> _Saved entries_
<<<<
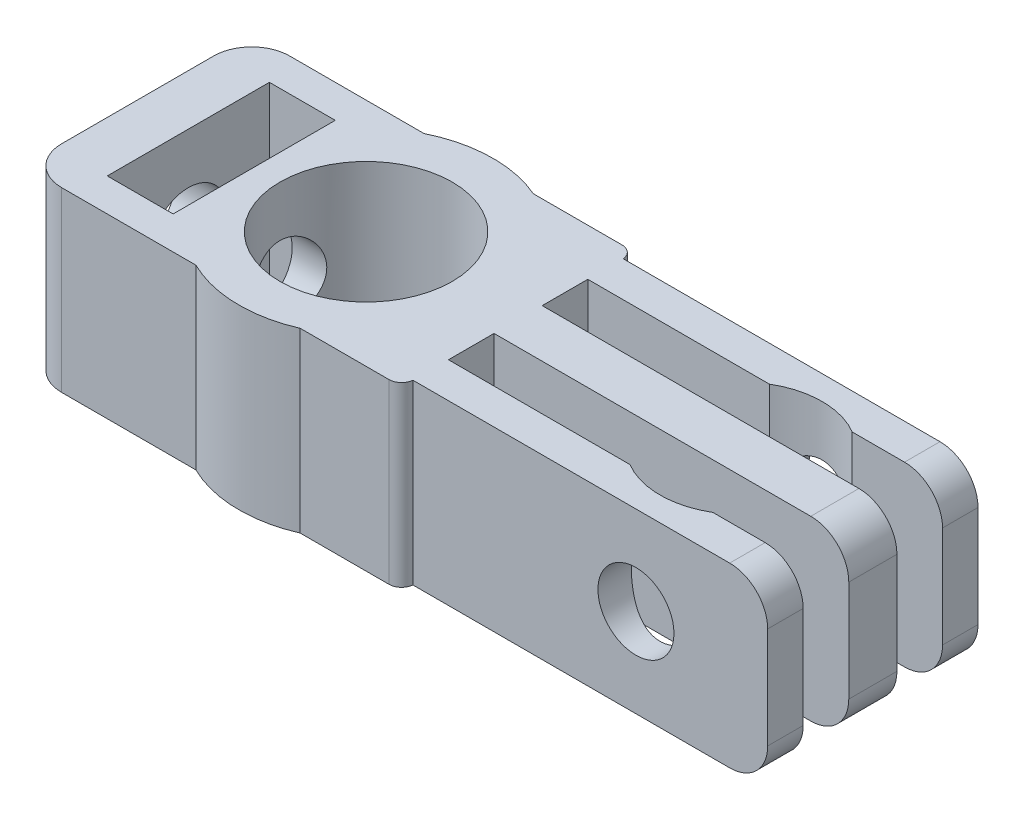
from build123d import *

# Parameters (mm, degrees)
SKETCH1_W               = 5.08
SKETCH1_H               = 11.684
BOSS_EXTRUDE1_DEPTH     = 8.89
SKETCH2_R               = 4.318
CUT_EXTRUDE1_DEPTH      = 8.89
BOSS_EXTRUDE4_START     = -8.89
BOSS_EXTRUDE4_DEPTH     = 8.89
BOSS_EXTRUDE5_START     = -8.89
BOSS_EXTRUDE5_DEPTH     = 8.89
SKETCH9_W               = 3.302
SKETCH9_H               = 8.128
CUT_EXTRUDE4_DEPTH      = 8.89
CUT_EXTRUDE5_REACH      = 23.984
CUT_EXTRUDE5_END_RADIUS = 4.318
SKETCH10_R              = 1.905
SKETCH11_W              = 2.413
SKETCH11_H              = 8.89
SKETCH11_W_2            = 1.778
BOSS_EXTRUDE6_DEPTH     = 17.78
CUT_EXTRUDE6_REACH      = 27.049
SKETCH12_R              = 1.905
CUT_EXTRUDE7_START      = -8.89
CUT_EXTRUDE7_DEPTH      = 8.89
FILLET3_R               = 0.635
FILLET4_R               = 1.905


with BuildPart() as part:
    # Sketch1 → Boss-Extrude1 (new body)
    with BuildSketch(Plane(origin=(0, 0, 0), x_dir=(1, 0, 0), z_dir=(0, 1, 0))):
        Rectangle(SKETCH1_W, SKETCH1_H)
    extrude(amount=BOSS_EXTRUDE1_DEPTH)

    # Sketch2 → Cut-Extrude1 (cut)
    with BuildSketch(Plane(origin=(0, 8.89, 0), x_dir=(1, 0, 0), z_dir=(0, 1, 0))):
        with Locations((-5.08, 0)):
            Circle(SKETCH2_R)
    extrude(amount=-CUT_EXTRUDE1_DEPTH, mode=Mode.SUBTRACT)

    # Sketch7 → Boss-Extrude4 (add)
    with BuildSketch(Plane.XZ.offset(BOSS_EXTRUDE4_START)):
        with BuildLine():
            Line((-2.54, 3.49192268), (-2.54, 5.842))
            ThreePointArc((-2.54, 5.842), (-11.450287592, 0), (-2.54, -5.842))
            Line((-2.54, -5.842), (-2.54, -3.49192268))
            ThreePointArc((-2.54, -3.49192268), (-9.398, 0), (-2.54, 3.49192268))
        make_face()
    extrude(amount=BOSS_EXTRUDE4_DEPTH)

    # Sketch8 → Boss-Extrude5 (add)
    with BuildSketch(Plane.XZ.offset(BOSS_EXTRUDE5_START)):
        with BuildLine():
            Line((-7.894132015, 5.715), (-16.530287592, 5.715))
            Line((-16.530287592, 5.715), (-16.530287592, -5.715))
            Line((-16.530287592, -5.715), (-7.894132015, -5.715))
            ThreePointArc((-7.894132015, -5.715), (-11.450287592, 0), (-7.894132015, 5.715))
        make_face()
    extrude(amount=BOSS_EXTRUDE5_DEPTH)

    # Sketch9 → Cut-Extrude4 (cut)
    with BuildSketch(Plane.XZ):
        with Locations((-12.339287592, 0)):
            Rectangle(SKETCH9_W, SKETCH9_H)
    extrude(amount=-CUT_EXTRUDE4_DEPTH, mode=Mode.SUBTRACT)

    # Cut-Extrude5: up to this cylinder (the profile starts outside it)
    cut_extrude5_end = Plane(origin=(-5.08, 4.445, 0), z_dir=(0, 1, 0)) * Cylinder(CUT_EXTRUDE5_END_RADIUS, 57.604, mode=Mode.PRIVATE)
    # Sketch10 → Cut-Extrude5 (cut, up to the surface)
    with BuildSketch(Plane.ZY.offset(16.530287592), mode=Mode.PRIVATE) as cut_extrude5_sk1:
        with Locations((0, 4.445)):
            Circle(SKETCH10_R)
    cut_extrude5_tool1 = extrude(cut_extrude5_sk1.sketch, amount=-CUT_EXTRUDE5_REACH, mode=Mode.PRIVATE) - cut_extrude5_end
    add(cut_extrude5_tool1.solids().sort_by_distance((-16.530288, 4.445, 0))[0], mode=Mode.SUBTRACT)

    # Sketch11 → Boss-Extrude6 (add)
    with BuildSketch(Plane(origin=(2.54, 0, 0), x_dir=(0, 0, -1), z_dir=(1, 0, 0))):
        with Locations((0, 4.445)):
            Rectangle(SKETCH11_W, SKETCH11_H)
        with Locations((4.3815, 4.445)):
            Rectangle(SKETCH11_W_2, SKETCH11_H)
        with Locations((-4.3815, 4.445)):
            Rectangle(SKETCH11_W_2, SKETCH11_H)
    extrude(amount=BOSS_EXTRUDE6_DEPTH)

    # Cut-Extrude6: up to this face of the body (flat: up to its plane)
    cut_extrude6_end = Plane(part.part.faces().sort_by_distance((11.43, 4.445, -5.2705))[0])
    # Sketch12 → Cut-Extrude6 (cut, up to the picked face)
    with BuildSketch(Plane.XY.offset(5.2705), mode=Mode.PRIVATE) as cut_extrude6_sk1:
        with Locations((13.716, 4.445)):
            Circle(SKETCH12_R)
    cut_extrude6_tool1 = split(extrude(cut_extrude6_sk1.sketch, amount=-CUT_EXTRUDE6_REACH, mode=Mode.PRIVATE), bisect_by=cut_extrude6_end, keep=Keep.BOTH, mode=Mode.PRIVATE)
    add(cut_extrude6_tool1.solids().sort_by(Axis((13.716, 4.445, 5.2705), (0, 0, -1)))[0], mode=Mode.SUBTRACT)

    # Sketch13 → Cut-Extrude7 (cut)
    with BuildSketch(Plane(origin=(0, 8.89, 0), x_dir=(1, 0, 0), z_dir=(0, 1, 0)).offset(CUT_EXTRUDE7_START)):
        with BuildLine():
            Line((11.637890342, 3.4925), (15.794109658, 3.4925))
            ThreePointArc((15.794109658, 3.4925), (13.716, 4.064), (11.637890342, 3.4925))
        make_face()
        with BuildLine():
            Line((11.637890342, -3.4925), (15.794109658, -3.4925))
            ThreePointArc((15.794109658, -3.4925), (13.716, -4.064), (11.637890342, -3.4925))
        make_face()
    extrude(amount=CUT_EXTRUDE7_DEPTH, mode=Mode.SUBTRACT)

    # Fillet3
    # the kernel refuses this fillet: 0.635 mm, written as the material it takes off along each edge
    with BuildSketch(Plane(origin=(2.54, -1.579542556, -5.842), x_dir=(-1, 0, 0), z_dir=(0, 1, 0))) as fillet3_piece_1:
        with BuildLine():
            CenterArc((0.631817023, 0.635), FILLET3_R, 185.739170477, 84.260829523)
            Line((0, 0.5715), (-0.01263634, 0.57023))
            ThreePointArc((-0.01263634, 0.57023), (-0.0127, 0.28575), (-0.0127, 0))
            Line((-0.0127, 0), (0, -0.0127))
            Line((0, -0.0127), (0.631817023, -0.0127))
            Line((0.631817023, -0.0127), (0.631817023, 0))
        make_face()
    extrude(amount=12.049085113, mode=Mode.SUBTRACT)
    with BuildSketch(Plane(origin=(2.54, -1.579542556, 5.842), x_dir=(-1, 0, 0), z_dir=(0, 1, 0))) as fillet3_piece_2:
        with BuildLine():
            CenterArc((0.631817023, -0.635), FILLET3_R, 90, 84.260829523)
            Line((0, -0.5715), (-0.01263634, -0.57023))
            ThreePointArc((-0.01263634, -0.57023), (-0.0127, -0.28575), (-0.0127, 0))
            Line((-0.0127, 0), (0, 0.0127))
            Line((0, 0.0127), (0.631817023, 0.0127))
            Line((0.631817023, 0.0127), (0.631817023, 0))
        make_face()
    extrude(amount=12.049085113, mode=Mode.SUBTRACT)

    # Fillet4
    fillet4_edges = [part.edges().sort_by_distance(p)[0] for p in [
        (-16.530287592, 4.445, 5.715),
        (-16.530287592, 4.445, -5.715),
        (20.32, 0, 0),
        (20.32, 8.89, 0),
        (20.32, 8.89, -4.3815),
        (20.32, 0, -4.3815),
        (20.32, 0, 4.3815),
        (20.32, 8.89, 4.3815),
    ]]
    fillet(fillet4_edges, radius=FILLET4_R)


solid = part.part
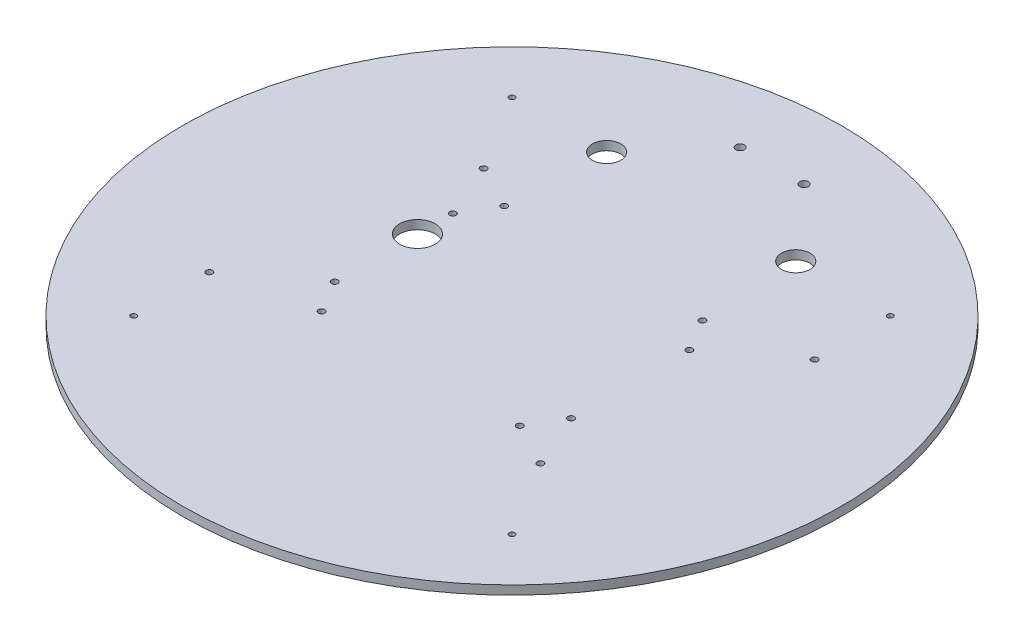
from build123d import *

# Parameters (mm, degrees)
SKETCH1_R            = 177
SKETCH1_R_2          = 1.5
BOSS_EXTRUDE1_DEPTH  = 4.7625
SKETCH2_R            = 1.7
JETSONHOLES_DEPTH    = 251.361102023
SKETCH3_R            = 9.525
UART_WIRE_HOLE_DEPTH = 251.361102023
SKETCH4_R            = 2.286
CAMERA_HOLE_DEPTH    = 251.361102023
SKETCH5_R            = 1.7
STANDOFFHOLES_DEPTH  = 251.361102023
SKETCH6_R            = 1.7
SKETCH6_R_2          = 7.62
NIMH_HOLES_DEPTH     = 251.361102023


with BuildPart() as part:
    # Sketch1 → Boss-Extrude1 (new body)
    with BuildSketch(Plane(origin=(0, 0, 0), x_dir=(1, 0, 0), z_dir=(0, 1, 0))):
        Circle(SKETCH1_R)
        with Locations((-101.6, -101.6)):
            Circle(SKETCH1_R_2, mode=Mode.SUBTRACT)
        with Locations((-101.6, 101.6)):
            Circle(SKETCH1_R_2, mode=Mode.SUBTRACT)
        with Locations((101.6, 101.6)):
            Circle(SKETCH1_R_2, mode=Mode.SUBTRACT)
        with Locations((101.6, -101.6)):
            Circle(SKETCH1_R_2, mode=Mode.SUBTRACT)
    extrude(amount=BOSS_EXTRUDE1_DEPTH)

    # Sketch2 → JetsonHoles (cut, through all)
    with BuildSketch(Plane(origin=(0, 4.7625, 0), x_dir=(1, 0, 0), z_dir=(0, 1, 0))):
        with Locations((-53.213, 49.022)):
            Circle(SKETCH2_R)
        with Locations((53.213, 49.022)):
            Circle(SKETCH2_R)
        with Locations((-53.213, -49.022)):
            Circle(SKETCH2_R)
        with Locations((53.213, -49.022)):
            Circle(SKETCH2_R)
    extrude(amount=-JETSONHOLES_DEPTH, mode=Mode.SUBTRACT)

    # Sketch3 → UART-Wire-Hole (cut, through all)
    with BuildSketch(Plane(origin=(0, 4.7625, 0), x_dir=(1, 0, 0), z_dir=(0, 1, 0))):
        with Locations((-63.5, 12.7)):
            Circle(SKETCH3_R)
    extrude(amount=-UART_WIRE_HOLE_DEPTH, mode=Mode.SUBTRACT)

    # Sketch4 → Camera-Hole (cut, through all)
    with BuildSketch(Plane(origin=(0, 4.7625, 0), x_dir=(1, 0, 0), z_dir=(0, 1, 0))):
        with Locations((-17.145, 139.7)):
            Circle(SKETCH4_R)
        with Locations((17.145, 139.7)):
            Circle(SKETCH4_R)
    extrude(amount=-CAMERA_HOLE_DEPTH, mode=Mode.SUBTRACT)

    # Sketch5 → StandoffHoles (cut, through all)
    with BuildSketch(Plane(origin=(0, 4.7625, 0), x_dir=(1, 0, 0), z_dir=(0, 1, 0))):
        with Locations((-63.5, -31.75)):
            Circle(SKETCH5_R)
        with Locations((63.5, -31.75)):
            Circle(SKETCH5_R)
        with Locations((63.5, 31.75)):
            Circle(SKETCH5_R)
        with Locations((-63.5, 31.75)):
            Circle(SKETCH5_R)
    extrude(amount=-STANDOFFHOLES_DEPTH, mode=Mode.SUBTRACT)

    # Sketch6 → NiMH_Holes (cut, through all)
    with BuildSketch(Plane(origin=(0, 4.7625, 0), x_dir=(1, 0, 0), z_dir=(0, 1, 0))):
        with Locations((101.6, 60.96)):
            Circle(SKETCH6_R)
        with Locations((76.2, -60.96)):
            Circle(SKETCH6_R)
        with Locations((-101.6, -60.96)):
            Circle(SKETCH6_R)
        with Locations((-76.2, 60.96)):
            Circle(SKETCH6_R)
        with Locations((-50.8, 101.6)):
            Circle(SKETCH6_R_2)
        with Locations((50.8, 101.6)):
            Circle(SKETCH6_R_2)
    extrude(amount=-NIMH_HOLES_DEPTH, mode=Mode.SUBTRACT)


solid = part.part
>>>>
> _Your objective_
Show a copy of each line from the data that includes the word "Rectangle".

> _Written solution_
        Rectangle(SKETCH1_W, SKETCH1_H)
            Rectangle(SKETCH9_W, SKETCH9_H)
            Rectangle(SKETCH11_W, SKETCH11_H)
            Rectangle(SKETCH11_W_2, SKETCH11_H)
            Rectangle(SKETCH11_W_2, SKETCH11_H)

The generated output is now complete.